E mentre non senza difficoltà tecniche (vedi mail capricciosa messa a disposizione dal Comune), sono tantissime le domande dei buoni spesa (un brodino riscaldato), da parte di chi non sa più come andare avanti e come “campare la famiglia”, la lunga e forzata clausura e restrizioni ordinate dal Governo per combattere e limitare la diffusione del Covid-19, a Crotone la situazione economica peggiora di giorno in giorno.

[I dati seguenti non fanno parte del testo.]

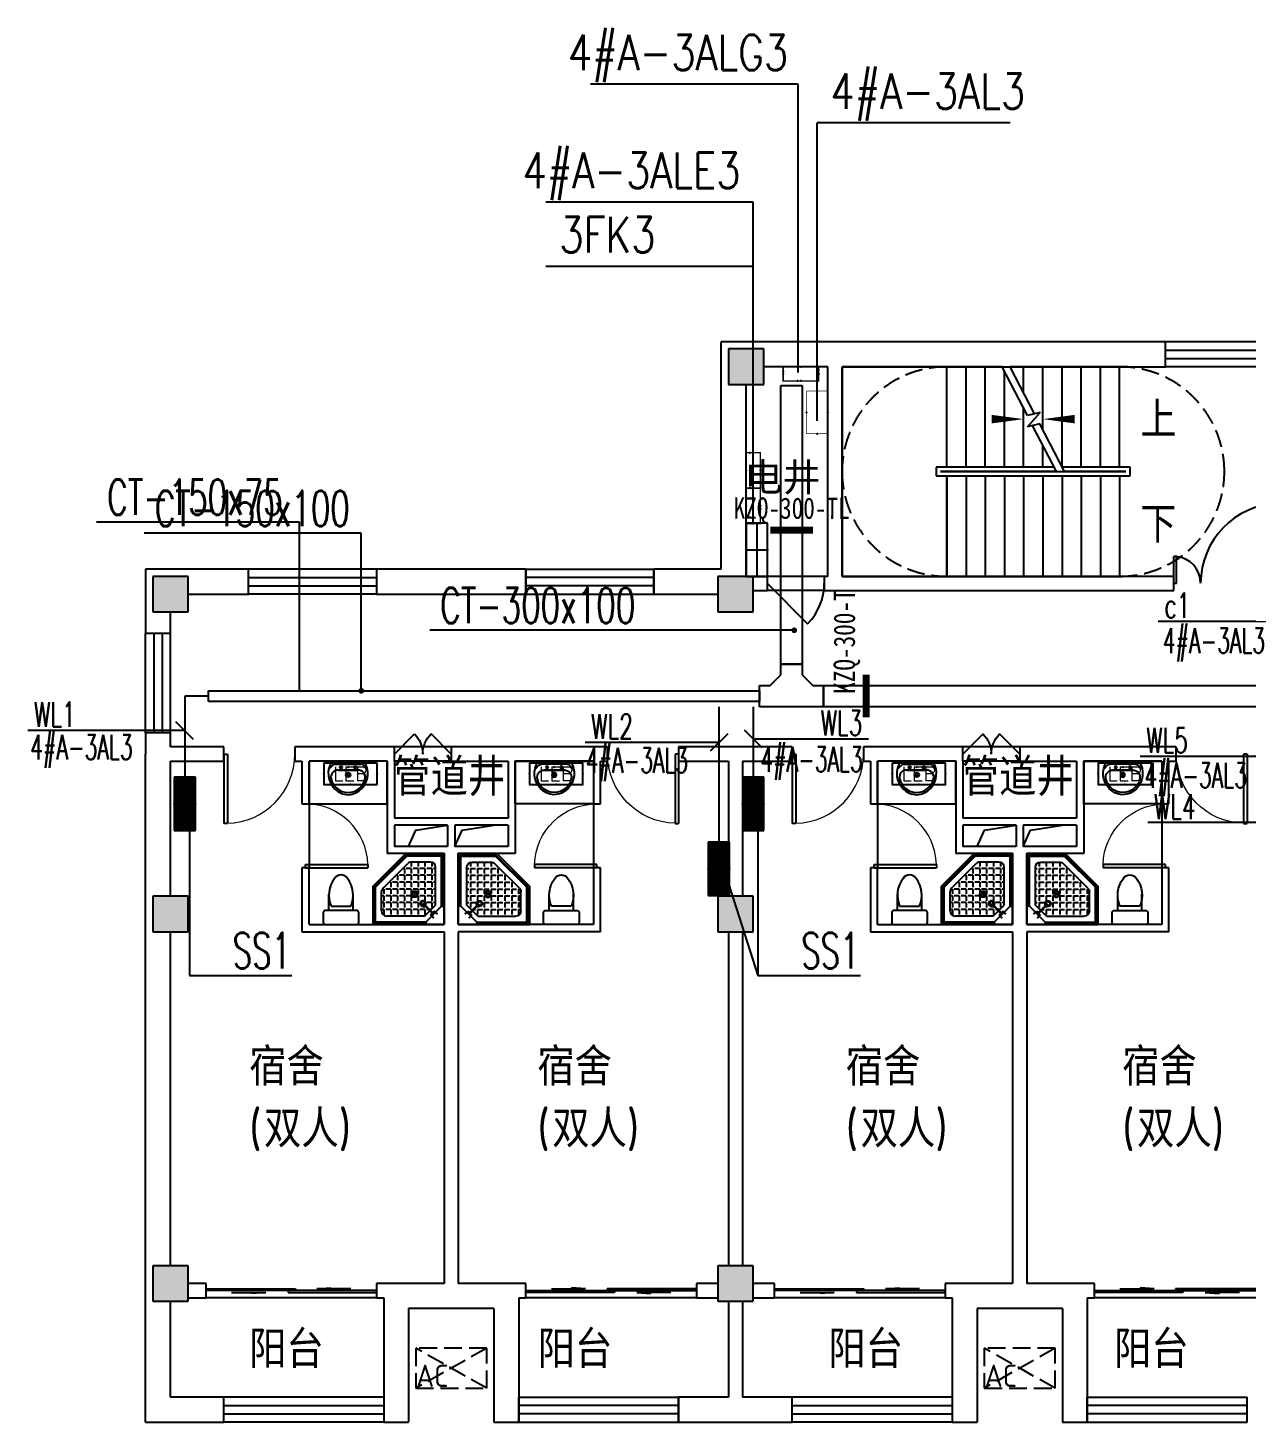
# Model space of a CAD drawing. Extents: x 1725663 to 4653551, y -550461 to 248782.
# Drawn here: x 2058594 to 2075735, y -387154 to -367536 of the extents above; entities that cross this region are included whole.
import ezdxf
from ezdxf.enums import TextEntityAlignment as Align

# ---------------------------------------------------------------- set-up
doc = ezdxf.new("R2010")
doc.units = 0
doc.header["$LTSCALE"] = 1000
doc.linetypes.add('DASH', pattern=[0.35, 0.25, -0.1])
for name, color, linetype in [('0-底图', 7, 'Continuous'), ('A-FLOR-STRS', 140, 'Continuous'), ('CABLETRAY', 4, 'Continuous'), ('CABLETRAY_DIM', 3, 'Continuous'), ('CLAYER', 7, 'Continuous'), ('COLUMN', 255, 'Continuous'), ('DBZ', 7, 'Continuous'), ('DIM-照明', 3, 'Continuous'), ('DIM-箱柜', 7, 'Continuous'), ('DIM_SYMB', 3, 'Continuous'), ('DOOR_FIRE', 4, 'Continuous'), ('EQUIP-箱柜', 3, 'Continuous'), ('PUB_HATCH', 8, 'Continuous'), ('PUB_TEXT', 7, 'Continuous'), ('STAIR', 2, 'Continuous'), ('TEL_LEAD', 3, 'Continuous'), ('TEL_TEXT', 7, 'Continuous'), ('WALL', 2, 'Continuous'), ('WINDOW', 4, 'Continuous'), ('WIRE-照明', 6, 'Continuous'), ('抗震支吊架', 2, 'Continuous'), ('洁具', 213, 'Continuous'), ('空调外机', 211, 'Continuous')]:
    doc.layers.add(name, color=color, linetype=linetype)
doc.styles.add('_TCH_DIM', font='SIMPLEX', dxfattribs={"width": 0.8, "height": 5, "bigfont": 'HZTXT'})
doc.styles.add('_TEL_DIM', font='SIMPLEX', dxfattribs={"width": 0.8, "height": 3.5, "bigfont": 'HZTXT'})
doc.styles.add('kzcad', font='', dxfattribs={"width": 0.8})
doc.styles.get("Standard").update_dxf_attribs({"font": 'geniso.shx', "bigfont": 'hztxt.shx'})
doc.styles.add('黑体', font='')
doc.styles.get('kzcad').set_extended_font_data('SimSun')
doc.styles.get('黑体').set_extended_font_data('SimHei')

# ---------------------------------------------------------------- blocks, each defined once
blk = doc.blocks.new('$equip_U$00000177(WIN7-PC-dian)')
at = {"const_width": 0.02}
blk.add_lwpolyline([(-0.6, 0.6), (0.6, 0.6), (0.6, 0), (-0.6, 0)], close=True, dxfattribs=at)
for p in [(0, 0.6), (-0.6, 0.3), (0, 0), (0.6, 0.3)]:
    blk.add_point(p)
at = {"color": 7, "style": '_TEL_DIM', "flags": 1}
for tag in ['A', 'REMARK']:
    blk.add_attdef(tag, text='', height=0.00002, dxfattribs=at).set_placement((0, 0), align=Align.MIDDLE_CENTER)
blk = doc.blocks.new('fdsefg')
at = {"layer": 'EQUIP-箱柜', "const_width": 20}
blk.add_lwpolyline([(21301, 11505), (21801, 11505), (21801, 11305), (21301, 11305)], close=True, dxfattribs=at)
at = {"layer": 'EQUIP-箱柜'}
for p in [(21601, 11505), (21301, 11355), (21801, 11372)]:
    blk.add_point(p, dxfattribs=at)
blk = doc.blocks.new('$equip_U$00000181(WIN7-PC-dian)')
for p in [(0, 0.4), (-0.5, 0.2), (0, 0), (0.5, 0.2)]:
    blk.add_point(p)
at = {"xscale": 0.002, "yscale": 0.002, "zscale": 0.002}
blk.add_blockref('fdsefg', (-43.101, -22.61), dxfattribs=at)
at = {"color": 7, "style": '_TEL_DIM', "flags": 1}
for tag in ['A', 'REMARK']:
    blk.add_attdef(tag, text='', height=0.00002, dxfattribs=at).set_placement((0, 0), align=Align.MIDDLE_CENTER)
at = {"color": 7, "style": '_TEL_DIM'}
blk.add_attdef('$TEXT$', text='', height=0.00002, dxfattribs=at).set_placement((0.1, 0), align=Align.MIDDLE_CENTER)
blk = doc.blocks.new('*X490')
at = {"color": 0}
for p, q in [((-250, 33), (-83, 200)), ((-250, 68), (-118, 200)), ((-250, 104), (-154, 200)), ((-250, 139), (-189, 200)), ((-250, 174), (-224, 200)), ((-247, 0), (-47, 200)), ((-212, 0), (-12, 200)), ((-177, 0), (23, 200)), ((-141, 0), (59, 200)), ((-106, 0), (94, 200)), ((-71, 0), (129, 200)), ((-35, 0), (165, 200)), ((0, 0), (200, 200)), ((35, 0), (235, 200)), ((71, 0), (250, 179)), ((106, 0), (250, 144)), ((141, 0), (250, 109)), ((177, 0), (250, 73)), ((212, 0), (250, 38)), ((247, 0), (250, 3))]:
    blk.add_line(p, q, dxfattribs=at)
blk = doc.blocks.new('$equip$00002943')
for p, q in [((-0.75, 0.6), (-0.75, 0)), ((0.75, 0.6), (-0.75, 0.6)), ((0.75, 0), (0.75, 0.6)), ((-0.75, 0), (0.75, 0))]:
    blk.add_line(p, q)
for points, const_width in [([(-0.75, 0.3), (0.75, 0.3)], 0.6), ([(-0.75, 0.6), (-0.75, 0), (0.75, 0), (0.75, 0.6), (-0.75, 0.6), (-0.75, 0)], 0.02)]:
    blk.add_lwpolyline(points, dxfattribs=dict(const_width=const_width))
for p in [(0, 0.6), (-0.75, 0.3), (0, 0), (0.75, 0.3)]:
    blk.add_point(p)
at = {"xscale": 0.00300000000061118, "yscale": 0.00300000000061118, "zscale": 0.00300000000061118}
blk.add_blockref('*X490', (0, 0), dxfattribs=at)
at = {"color": 7, "style": '_TEL_DIM', "flags": 1}
for tag in ['A', 'REMARK']:
    blk.add_attdef(tag, text='', height=0.00002, dxfattribs=at).set_placement((0, 0), align=Align.MIDDLE_CENTER)
blk = doc.blocks.new('$equip$00002936')
for p, q in [((-0.75, 0.6), (-0.75, 0)), ((0.75, 0.6), (-0.75, 0.6)), ((0, 0), (0, 0.6)), ((0.75, 0), (0.75, 0.6)), ((-0.75, 0.3), (0.75, 0.3)), ((-0.75, 0), (0.75, 0))]:
    blk.add_line(p, q)
at = {"const_width": 0.02}
blk.add_lwpolyline([(-0.75, 0.6), (-0.75, 0), (0.75, 0), (0.75, 0.6), (-0.75, 0.6), (-0.75, 0)], dxfattribs=at)
for p in [(0, 0.6), (-0.75, 0.3), (0, 0), (0.75, 0.3)]:
    blk.add_point(p)
at = {"color": 7, "style": '_TEL_DIM', "flags": 1}
for tag in ['A', 'REMARK']:
    blk.add_attdef(tag, text='', height=0.00002, dxfattribs=at).set_placement((0, 0), align=Align.MIDDLE_CENTER)
blk = doc.blocks.new('$equip$00002908')
for p, q in [((0.75, 0.6), (-0.75, 0.6)), ((-0.75, 0.6), (-0.75, 0)), ((0.75, 0), (0.75, 0.6)), ((-0.75, 0), (0.75, 0))]:
    blk.add_line(p, q)
at = {"const_width": 0.04}
blk.add_lwpolyline([(-0.75, 0.6), (-0.75, 0), (0.75, 0), (0.75, 0.6), (-0.75, 0.6), (-0.75, 0)], dxfattribs=at)
for p in [(0, 0.6), (-0.75, 0.3), (0, 0), (0.75, 0.3)]:
    blk.add_point(p)
at = {"color": 7, "style": '_TEL_DIM'}
blk.add_attdef('$TEXT$', text='', height=0.4, dxfattribs=at).set_placement((0, 0.3), align=Align.MIDDLE_CENTER)
at = {"color": 7, "style": '_TEL_DIM', "flags": 1}
for tag in ['A', 'REMARK']:
    blk.add_attdef(tag, text='', height=0.00002, dxfattribs=at).set_placement((0, 0), align=Align.MIDDLE_CENTER)
blk = doc.blocks.new('1F平面-CAD导入_dwg_Drawing4_t3_dwg_$plan$00001613-474159-1F-927810-1F')
at = {"layer": '洁具'}
for p, q in [((-30, 250), (-170, 250)), ((-200, 170), (-430, 170)), ((-260, -140), (-260, 140)), ((-200, -170), (-200, -220)), ((-170, -250), (-30, -250))]:
    blk.add_line(p, q, dxfattribs=at)
for points in [[(-200, 220), (-200, 170), (-200, -170), (-430, -170)], [(0, -220), (0, 220)]]:
    blk.add_lwpolyline(points, dxfattribs=at)
for centre, radius, start, end in [((-170, 220), 30, 90, 180), ((-30, 220), 30, 0, 90), ((-590, 0), 110, 123.4509, 236.5491), ((-413, -227), 398, 67.4505, 126.6381), ((-413, 227), 398, 233.3619, 292.5495), ((-170, -220), 30, 180, 270), ((-30, -220), 30, 270, 0)]:
    blk.add_arc(centre, radius, start, end, dxfattribs=at)
blk = doc.blocks.new('$lvtry$00000169')
at = {"color": 0}
for p, q in [((259, -36), (259, 0)), ((259, -36), (36, -259)), ((276, -120), (120, -276)), ((144, -151), (291, -298)), ((151, -144), (298, -291)), ((259, -24), (976, -24)), ((259, -36), (964, -36)), ((270, -213), (270, -143)), ((276, -120), (808, -120)), ((366, -213), (366, -143)), ((462, -213), (462, -143)), ((558, -213), (558, -143)), ((655, -213), (655, -143)), ((751, -213), (751, -143)), ((847, -213), (847, -143)), ((880, -192), (880, -460)), ((964, -36), (976, -24)), ((964, -36), (964, -525)), ((976, -24), (976, -530)), ((36, -259), (0, -259)), ((24, -259), (24, -976)), ((36, -259), (36, -964)), ((120, -276), (120, -808)), ((120, -309), (147, -309)), ((173, -309), (173, -239)), ((173, -309), (243, -309)), ((173, -405), (173, -335)), ((183, -213), (205, -213)), ((220, -213), (243, -213)), ((270, -213), (340, -213)), ((270, -263), (270, -239)), ((270, -405), (270, -335)), ((334, -309), (340, -309)), ((366, -213), (436, -213)), ((366, -309), (366, -239)), ((366, -309), (436, -309)), ((366, -405), (366, -335)), ((462, -213), (532, -213)), ((462, -309), (462, -239)), ((462, -309), (532, -309)), ((462, -405), (462, -335)), ((558, -213), (628, -213)), ((558, -309), (558, -239)), ((558, -309), (628, -309)), ((558, -405), (558, -335)), ((655, -213), (725, -213)), ((655, -309), (655, -239)), ((655, -309), (725, -309)), ((655, -405), (655, -335)), ((751, -213), (821, -213)), ((751, -309), (751, -239)), ((751, -309), (821, -309)), ((751, -405), (751, -335)), ((847, -213), (880, -213)), ((847, -309), (847, -239)), ((847, -309), (880, -309)), ((847, -405), (847, -335)), ((120, -405), (147, -405)), ((120, -501), (147, -501)), ((173, -405), (243, -405)), ((173, -501), (173, -431)), ((173, -501), (243, -501)), ((173, -598), (173, -528)), ((270, -405), (340, -405)), ((270, -501), (270, -431)), ((270, -501), (340, -501)), ((270, -598), (270, -528)), ((366, -405), (379, -405)), ((366, -501), (366, -431)), ((366, -501), (436, -501)), ((366, -598), (366, -528)), ((462, -405), (532, -405)), ((462, -501), (462, -431)), ((462, -501), (532, -501)), ((462, -598), (462, -528)), ((859, -511), (511, -859)), ((964, -525), (525, -964)), ((976, -530), (530, -976)), ((558, -405), (628, -405)), ((558, -501), (558, -431)), ((558, -501), (628, -501)), ((558, -598), (558, -528)), ((655, -405), (725, -405)), ((655, -501), (655, -431)), ((655, -501), (725, -501)), ((655, -598), (655, -528)), ((751, -405), (821, -405)), ((751, -501), (751, -431)), ((751, -501), (821, -501)), ((751, -598), (751, -528)), ((847, -405), (880, -405)), ((847, -501), (847, -431)), ((847, -501), (867, -501)), ((964, -525), (976, -530)), ((120, -598), (147, -598)), ((120, -694), (147, -694)), ((173, -598), (243, -598)), ((173, -694), (173, -624)), ((173, -694), (243, -694)), ((173, -790), (173, -720)), ((270, -598), (340, -598)), ((270, -694), (270, -624)), ((270, -694), (340, -694)), ((270, -790), (270, -720)), ((366, -598), (436, -598)), ((366, -694), (366, -624)), ((366, -694), (436, -694)), ((366, -790), (366, -720)), ((462, -598), (532, -598)), ((462, -694), (462, -624)), ((462, -694), (532, -694)), ((462, -790), (462, -720)), ((558, -598), (628, -598)), ((558, -694), (558, -624)), ((558, -694), (628, -694)), ((558, -790), (558, -720)), ((655, -598), (725, -598)), ((655, -694), (655, -624)), ((655, -694), (676, -694)), ((751, -598), (773, -598)), ((36, -964), (24, -976)), ((24, -976), (530, -976)), ((36, -964), (525, -964)), ((120, -790), (147, -790)), ((173, -790), (243, -790)), ((173, -878), (173, -816)), ((192, -880), (460, -880)), ((270, -790), (340, -790)), ((270, -880), (270, -816)), ((366, -790), (436, -790)), ((366, -880), (366, -816)), ((462, -790), (532, -790)), ((462, -880), (462, -816)), ((525, -964), (530, -976)), ((558, -790), (580, -790))]:
    blk.add_line(p, q, dxfattribs=at)
blk.add_lwpolyline([(0, 0), (0, -1000), (540, -1000), (1000, -540), (1000, 0)], close=True)
for points in [[(0, 0), (0, -1000)], [(0, 0), (1000, 0)], [(1000, 0), (1000, -540)], [(136, -190), (148, -178), (132, -162), (121, -174)], [(190, -136), (178, -148), (162, -132), (174, -121)], [(1000, -540), (540, -1000)], [(0, -1000), (540, -1000)]]:
    blk.add_lwpolyline(points, close=True, dxfattribs=at)
for radius in [43.8, 31.1]:
    blk.add_circle((416, -428), radius, dxfattribs=at)
for centre, radius, start, end in [((808, -192), 72, 0, 90), ((296, -296), 40.6, 142.583, 128.4197), ((296, -296), 28.6, 145.828, 125.6599), ((808, -460), 72, 315, 0), ((192, -808), 72, 180, 270), ((460, -808), 72, 270, 315)]:
    blk.add_arc(centre, radius, start, end, dxfattribs=at)
for p in [(103, -156, 0), (156, -102, 0), (416, -428, 0)]:
    blk.add_point(p, dxfattribs=at)
blk = doc.blocks.new('$lvtry$00000178')
at = {"color": 0}
for p, q in [((-238, 0), (238, 0)), ((-214, -36), (-272, -91)), ((-180, -23), (180, -23)), ((-142, -105), (140, -105)), ((140, -105), (-142, -105)), ((216, -37), (268, -91))]:
    blk.add_line(p, q, dxfattribs=at)
blk.add_lwpolyline([(-104, -430, 0.224698), (110, -425, 0.348046), (269, -79), (239, 0), (-241, 0), (-271, -79, 0.356844)], format="xyb", close=True, dxfattribs=at)
for centre, radius in [((-100, -65), 16.3), ((1, -172), 31.6), ((100, -65), 16.3)]:
    blk.add_circle(centre, radius, dxfattribs=at)
at = {"color": 0, "lineweight": 13}
blk.add_circle((1, -172), 23, dxfattribs=at)
at = {"color": 0}
for centre, radius, start, end in [((-142, -205), 100, 90, 190.5602), ((-180, -73), 50, 90, 133.181), ((140, -205), 100, 349.4398, 90), ((180, -73), 50, 44.5607, 90), ((-1, -179), 243, 190.5602, 349.4398)]:
    blk.add_arc(centre, radius, start, end, dxfattribs=at)
for p in [(0, -65), (1, -172)]:
    blk.add_point(p, dxfattribs=at)
blk = doc.blocks.new('A$C70365C93')
at = {"layer": '洁具'}
blk.add_lwpolyline([(-1900, 2300), (-1900, 1700), (-800, 1700), (-800, 2300)], close=True, dxfattribs=at)
blk.add_blockref('$lvtry$00000178', (-1350, 2280), dxfattribs=at)
at = {"layer": '洁具', "rotation": 180}
blk.add_blockref('$lvtry$00000169', (0, 0), dxfattribs=at)
at = {"layer": '洁具', "extrusion": (0, 0, -1), "xscale": -1, "zscale": -1, "rotation": 90}
blk.add_blockref('1F平面-CAD导入_dwg_Drawing4_t3_dwg_$plan$00001613-474159-1F-927810-1F', (1450, 0), dxfattribs=at)
blk = doc.blocks.new('A$Cf5a72a1b')
at = {"layer": '空调外机', "linetype": 'DASH'}
for p, q in [((1000, 563), (0, 0)), ((1000, 0), (0, 563))]:
    blk.add_line(p, q, dxfattribs=at)
blk.add_lwpolyline([(1000, 563), (0, 563), (0, 0), (1000, 0)], close=True, dxfattribs=at)
at = {"layer": 'PUB_TEXT'}
blk.add_text('AC', height=315, dxfattribs=at).set_placement((5, 18))
blk = doc.blocks.new('$DorLib2D$00000131')
at = {"color": 0, "linetype": 'Continuous'}
for p, q in [((0.15, 0.125), (0.2319, 0.1973)), ((0.2319, 0.1973), (0.2319, 0.125)), ((-0.5, 0.125), (-0.5, 0)), ((0.0192, 0.125), (-0.5, 0.125)), ((0.0192, 0), (0.0192, 0.125)), ((0.35, 0.125), (0.15, 0.125)), ((-0.5, 0), (0.0192, 0)), ((-0.024, 0), (0.5, 0)), ((-0.024, -0.125), (-0.024, 0)), ((0.5, 0), (0.5, -0.125)), ((-0.35, -0.125), (-0.15, -0.125)), ((-0.2319, -0.1973), (-0.2319, -0.125)), ((-0.15, -0.125), (-0.2319, -0.1973)), ((0.5, -0.125), (-0.024, -0.125))]:
    blk.add_line(p, q, dxfattribs=at)
blk = doc.blocks.new('$WINLIB2D$00000001')
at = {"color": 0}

Una bomba sociale ad orologeria che molto probabilmente è già esplosa, nonostante e fortunatamente la stupenda e attiva macchina della solidarietà è già in moto da un po’, non riuscendo però a soddisfare la grande e spesso silenziosa richiesta di aiuto.

C’è gente che non lavora più, e non ci riferiamo soltanto a chi ha un posto in una attività momentaneamente chiusa, ma anche e soprattutto a chi scendeva di casa per arrangiare la giornata, e che oggi purtroppo è già al limite: l’affitto, le bollette, la spesa, e neanche un euro in tasca.

E se siamo arrivati a dover rimpiangere la precarietà, e leggere di una famiglia che non può più permettersi neanche una bombola per poter cucinare un piatto di pasta, vuol dire che la nostra già provata città è ormai alla canna del gas…

E pensare che in tempi in cui siamo in ostaggio di un terribile nemico invisibile, c’è chi si lamenta perché è “rinchiuso” fra quattro mura dorate, e qualche imbecille che esce ogni giorno di casa, convinto di riprendersi un po’ d’aria e di libertà, ma ignaro forse di respirare anche il virus…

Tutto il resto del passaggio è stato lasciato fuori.